= Los Angeles abrasion test =

Standard for testing toughness of aggregate

The Los Angeles abrasion test (LA abrasion) is the North American standard for testing toughness (resistance to abrasion and degradation) of construction aggregate or gravel and its suitability for road construction. Test methodology and equipment is defined in the ASTM International publications ASTM C131 for particle sizes smaller than 37 mm (1.5 inches) and ASTM C535 for sizes larger than 19 mm (3/4 of an inch); the overlapping range of 19 to 37 mm can be tested by either of two standards.

The Los Angeles machine defined in the standard is a simple ball mill of specified size and shape The standard charge of rock is set at 2.5–5 kg depending on the size of the particles. The drum of the mill has a single shelf plate that scoops test samples and steel balls from the bottom, lifts them up and then drops them, creating a crushing impact. The interaction of the drum, steel balls and the samples at the bottom of the drum causes further abrading and grinding. The complete test requires 500 drum revolutions at a speed of 30–33 revolutions per minute. Crushed sample is then separated from fine dust on a sieve, washed, dried and weighed. The test reports loss of mass to abrasion and impact, expressed as a percentage of initial sample mass. Maximum acceptable loss for the base course of the road is 45%; the more demanding surface course must be 35% or less.
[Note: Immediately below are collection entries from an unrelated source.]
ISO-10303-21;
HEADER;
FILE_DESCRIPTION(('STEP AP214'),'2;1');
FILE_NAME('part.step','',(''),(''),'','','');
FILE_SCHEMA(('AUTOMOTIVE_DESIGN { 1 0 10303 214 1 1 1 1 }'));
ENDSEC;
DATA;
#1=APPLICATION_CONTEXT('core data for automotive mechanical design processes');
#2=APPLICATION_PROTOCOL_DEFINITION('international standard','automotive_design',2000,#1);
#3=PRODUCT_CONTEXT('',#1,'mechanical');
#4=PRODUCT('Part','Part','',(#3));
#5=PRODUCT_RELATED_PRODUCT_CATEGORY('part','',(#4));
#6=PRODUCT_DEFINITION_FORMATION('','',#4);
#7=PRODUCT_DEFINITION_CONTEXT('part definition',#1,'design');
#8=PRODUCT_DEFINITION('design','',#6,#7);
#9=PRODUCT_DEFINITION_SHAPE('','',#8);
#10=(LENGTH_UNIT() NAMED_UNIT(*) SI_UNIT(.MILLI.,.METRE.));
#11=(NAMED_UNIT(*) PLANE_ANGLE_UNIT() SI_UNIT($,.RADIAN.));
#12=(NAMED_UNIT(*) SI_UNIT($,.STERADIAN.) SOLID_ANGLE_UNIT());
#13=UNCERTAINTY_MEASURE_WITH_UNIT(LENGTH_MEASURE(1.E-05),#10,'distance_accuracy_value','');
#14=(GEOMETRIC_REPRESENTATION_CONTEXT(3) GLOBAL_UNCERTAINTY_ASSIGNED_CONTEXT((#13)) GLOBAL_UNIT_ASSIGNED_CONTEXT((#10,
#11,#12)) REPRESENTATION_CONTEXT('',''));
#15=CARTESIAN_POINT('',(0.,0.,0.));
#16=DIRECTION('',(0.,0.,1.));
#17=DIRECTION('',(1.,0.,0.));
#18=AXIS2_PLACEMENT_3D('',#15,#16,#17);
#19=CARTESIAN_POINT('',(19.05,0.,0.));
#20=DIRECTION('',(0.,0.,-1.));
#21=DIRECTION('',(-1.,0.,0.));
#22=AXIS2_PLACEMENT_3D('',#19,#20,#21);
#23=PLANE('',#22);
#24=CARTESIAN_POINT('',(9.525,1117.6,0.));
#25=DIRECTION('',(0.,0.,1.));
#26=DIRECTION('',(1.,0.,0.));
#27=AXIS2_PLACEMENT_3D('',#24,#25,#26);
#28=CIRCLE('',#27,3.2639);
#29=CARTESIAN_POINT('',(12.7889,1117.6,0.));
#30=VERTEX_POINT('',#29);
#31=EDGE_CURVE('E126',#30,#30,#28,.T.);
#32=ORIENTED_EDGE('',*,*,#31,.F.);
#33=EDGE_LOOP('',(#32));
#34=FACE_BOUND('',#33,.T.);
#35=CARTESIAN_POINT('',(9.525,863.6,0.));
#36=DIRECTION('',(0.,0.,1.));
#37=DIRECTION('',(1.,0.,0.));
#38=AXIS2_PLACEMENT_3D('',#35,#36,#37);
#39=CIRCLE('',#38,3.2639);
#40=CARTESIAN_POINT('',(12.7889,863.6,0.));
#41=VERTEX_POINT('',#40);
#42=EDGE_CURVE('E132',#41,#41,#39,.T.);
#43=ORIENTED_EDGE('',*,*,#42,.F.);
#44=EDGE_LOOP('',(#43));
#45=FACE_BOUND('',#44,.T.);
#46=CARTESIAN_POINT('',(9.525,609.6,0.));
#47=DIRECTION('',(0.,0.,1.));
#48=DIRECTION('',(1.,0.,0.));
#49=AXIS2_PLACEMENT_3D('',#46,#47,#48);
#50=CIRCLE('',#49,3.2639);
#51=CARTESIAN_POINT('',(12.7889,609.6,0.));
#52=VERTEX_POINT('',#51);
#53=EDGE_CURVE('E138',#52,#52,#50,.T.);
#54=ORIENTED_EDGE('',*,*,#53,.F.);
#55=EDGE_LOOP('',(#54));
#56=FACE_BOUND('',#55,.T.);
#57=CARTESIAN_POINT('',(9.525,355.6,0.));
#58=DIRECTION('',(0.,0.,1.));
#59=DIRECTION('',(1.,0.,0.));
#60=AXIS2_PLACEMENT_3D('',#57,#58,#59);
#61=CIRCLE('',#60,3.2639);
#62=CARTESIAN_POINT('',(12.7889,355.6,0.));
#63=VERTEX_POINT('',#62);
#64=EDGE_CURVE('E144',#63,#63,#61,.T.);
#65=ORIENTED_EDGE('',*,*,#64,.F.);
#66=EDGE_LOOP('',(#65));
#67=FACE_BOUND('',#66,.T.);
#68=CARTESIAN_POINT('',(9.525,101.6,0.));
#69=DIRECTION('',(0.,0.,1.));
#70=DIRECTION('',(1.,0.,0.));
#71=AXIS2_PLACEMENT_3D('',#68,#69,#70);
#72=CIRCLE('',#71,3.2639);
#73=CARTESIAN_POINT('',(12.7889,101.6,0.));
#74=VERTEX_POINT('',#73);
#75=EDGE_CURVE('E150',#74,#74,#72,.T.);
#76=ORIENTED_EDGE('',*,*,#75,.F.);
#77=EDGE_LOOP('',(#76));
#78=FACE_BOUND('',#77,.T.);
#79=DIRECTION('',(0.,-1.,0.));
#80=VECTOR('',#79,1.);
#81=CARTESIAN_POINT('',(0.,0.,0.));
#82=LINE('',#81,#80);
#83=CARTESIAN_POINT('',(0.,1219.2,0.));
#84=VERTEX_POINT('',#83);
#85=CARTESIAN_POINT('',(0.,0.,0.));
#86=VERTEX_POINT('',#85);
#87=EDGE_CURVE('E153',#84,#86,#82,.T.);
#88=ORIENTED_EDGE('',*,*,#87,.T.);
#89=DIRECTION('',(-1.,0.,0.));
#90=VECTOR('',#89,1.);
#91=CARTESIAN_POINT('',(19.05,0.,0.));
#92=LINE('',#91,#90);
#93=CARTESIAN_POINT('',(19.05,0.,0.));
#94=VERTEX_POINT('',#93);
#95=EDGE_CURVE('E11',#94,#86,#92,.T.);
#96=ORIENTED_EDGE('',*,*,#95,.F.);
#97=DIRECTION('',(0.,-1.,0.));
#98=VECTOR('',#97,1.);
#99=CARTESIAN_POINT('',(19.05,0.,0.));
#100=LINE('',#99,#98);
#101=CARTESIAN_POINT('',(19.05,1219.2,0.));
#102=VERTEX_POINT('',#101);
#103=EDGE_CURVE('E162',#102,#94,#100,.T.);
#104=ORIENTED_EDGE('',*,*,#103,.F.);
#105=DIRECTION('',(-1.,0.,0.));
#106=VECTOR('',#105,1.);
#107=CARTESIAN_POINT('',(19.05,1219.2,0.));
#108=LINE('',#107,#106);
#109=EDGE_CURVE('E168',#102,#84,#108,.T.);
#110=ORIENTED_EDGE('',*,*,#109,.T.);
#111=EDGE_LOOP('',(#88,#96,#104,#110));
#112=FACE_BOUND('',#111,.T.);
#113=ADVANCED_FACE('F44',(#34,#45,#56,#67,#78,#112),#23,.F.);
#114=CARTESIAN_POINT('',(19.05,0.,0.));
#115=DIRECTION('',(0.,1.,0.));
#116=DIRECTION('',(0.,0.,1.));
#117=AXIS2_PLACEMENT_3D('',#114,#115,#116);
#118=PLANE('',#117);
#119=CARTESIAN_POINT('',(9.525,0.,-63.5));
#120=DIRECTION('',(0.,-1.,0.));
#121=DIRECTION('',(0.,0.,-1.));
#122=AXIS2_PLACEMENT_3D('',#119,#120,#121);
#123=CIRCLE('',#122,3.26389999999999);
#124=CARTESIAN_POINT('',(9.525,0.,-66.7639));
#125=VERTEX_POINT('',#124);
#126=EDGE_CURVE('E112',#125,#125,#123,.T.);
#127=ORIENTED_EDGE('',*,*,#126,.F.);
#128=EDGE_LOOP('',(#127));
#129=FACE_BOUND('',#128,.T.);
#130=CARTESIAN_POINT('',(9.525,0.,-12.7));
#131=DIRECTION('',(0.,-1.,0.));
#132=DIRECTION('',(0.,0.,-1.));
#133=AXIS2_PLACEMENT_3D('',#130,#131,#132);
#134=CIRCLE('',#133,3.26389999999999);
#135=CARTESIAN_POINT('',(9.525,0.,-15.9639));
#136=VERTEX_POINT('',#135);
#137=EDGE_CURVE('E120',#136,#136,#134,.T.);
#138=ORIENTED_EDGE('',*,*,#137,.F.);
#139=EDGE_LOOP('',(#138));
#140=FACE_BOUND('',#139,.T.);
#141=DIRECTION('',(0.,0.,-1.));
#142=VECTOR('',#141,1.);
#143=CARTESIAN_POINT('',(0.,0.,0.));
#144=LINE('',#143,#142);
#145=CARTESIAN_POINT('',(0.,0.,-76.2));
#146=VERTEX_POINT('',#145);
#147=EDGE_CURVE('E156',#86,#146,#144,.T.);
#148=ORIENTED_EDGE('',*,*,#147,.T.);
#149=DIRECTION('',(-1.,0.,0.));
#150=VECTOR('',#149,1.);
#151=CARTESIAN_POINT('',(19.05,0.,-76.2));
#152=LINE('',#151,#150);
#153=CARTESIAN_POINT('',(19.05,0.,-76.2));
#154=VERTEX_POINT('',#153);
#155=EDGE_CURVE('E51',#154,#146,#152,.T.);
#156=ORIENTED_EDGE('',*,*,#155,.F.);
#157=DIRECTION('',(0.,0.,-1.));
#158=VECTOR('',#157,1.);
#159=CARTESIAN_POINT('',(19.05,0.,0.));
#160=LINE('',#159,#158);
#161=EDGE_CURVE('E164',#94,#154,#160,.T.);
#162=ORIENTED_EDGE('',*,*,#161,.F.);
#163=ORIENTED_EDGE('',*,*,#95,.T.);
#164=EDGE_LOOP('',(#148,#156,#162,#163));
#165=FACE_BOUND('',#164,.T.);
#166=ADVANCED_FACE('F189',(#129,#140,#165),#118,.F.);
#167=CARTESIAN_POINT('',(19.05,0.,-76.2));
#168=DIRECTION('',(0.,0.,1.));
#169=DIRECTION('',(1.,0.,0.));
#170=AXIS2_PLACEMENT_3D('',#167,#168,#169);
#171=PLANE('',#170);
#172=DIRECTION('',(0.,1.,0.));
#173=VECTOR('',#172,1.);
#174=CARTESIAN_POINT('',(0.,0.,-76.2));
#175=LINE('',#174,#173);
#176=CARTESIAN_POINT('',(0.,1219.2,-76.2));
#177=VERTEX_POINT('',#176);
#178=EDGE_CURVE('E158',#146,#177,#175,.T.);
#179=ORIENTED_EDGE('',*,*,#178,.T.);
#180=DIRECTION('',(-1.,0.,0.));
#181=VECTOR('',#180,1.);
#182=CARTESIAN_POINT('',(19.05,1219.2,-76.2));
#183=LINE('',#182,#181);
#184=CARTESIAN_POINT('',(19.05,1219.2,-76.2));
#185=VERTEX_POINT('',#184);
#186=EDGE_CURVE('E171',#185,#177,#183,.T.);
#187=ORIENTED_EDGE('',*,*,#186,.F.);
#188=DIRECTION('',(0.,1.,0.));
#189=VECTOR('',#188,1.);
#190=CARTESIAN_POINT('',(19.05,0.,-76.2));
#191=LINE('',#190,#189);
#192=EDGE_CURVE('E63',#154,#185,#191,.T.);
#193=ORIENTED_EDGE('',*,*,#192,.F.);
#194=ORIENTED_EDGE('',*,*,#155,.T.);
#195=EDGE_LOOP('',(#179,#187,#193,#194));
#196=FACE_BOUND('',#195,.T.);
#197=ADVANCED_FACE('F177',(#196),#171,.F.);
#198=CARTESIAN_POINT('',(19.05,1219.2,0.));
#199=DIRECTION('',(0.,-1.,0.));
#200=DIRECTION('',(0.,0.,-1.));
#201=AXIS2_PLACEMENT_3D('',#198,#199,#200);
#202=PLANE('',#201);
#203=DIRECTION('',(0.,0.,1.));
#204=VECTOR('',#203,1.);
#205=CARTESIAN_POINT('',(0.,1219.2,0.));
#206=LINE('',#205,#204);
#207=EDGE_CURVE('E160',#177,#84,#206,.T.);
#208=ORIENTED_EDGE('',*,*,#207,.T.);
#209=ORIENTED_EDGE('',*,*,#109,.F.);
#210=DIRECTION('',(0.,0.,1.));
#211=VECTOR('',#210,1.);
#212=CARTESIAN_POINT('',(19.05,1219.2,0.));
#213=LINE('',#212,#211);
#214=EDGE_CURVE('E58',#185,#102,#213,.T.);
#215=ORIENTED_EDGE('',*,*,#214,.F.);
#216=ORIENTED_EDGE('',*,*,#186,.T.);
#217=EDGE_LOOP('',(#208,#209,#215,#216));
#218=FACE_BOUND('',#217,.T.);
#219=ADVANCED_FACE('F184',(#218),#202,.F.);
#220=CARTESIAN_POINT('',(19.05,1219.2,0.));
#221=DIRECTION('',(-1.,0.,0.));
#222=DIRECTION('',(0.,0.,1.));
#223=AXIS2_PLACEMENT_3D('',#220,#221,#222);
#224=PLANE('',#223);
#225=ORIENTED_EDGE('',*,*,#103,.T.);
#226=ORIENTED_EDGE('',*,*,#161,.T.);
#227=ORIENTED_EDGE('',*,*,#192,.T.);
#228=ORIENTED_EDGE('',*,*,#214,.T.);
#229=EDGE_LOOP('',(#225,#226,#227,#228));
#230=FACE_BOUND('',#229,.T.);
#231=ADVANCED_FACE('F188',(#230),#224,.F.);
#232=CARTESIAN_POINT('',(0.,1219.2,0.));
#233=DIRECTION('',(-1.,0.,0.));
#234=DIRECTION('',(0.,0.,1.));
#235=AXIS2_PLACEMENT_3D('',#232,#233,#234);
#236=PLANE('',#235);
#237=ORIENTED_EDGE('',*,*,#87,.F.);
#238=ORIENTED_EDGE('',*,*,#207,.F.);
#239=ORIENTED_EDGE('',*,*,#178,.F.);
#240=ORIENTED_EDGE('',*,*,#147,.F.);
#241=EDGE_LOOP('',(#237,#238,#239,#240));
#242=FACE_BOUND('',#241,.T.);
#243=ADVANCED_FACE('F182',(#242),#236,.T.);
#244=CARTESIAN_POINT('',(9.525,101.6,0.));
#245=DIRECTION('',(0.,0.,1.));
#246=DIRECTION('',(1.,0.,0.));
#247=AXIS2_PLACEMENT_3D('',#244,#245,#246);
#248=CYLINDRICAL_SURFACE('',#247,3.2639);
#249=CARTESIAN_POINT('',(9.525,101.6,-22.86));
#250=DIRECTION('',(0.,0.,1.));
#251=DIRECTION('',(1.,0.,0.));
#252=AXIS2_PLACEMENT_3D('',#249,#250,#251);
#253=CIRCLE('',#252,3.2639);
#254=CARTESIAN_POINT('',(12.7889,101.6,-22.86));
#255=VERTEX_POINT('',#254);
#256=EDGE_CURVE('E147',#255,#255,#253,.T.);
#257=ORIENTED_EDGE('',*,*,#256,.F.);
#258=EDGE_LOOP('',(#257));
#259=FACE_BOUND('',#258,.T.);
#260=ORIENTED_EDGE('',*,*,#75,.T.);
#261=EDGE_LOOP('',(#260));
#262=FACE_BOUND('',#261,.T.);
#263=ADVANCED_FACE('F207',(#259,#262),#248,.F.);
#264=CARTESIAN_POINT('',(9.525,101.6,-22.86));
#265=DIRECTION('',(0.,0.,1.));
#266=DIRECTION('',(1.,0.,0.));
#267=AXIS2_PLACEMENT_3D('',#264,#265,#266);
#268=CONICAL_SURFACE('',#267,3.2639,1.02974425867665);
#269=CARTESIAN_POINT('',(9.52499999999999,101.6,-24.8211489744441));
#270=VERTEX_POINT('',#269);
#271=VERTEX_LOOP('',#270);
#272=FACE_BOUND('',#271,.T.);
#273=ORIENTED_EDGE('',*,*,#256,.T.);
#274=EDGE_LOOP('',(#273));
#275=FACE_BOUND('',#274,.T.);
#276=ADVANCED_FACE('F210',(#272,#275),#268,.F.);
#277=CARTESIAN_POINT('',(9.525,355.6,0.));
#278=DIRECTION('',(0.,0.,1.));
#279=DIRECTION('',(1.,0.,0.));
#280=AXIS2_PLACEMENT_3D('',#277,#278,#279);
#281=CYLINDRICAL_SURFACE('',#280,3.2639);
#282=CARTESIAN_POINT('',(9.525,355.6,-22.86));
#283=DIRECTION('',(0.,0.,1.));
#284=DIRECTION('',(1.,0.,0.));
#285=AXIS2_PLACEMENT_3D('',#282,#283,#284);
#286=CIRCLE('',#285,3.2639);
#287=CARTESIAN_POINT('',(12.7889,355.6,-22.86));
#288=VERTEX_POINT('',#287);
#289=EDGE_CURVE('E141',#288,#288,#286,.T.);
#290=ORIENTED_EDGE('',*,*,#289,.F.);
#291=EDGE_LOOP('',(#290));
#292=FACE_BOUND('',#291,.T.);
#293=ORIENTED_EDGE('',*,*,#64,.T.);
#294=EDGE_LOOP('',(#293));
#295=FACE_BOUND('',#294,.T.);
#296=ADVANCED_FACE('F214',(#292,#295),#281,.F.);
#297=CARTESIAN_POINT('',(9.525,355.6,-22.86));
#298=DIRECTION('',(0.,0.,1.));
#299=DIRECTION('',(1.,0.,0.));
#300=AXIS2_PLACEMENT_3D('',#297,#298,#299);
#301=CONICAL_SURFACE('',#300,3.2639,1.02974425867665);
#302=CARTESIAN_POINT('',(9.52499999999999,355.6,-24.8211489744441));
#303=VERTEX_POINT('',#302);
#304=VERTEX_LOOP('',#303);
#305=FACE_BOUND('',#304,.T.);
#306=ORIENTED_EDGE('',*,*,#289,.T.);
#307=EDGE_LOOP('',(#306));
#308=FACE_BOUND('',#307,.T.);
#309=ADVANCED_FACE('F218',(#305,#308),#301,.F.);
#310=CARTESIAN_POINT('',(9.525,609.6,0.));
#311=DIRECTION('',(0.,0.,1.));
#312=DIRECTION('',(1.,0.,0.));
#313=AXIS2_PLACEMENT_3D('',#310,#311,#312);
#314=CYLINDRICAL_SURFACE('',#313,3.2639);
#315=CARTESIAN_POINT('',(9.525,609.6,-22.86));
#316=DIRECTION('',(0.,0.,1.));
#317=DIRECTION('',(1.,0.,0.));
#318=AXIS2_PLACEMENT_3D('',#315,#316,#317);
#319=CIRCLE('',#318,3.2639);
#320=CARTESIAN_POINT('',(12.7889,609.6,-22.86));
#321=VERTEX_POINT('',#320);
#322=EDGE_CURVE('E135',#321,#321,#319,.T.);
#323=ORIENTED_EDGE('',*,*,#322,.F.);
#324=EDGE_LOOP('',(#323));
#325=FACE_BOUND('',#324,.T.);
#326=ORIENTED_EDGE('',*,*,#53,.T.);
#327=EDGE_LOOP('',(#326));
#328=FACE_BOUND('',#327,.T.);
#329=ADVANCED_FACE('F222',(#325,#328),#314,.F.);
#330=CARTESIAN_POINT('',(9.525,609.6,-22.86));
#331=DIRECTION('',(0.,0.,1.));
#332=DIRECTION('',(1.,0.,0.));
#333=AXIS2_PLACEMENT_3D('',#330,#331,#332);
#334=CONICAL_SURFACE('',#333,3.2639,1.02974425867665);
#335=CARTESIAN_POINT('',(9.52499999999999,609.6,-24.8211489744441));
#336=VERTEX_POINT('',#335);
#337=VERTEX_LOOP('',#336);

The test was developed by the city engineers of Los Angeles in the 1920s. The California Highway Commission found the new methodology superior to the established Deval abrasion test, and adopted the LA test in 1927. In the 1930s, national studies demonstrated the Deval test did not correlate with the service record of sampled rock altogether, while an LA loss rating of less than 40% was a reliable indicator of quality. The federal standard for LA abrasion testing was formally adopted by the ASTM in 1937. Decades later, field studies found that the LA test results do not always correlate with reality, thus engineers outside of the United States developed different national standards like the French wet micro-Deval procedure or the British Standard 812.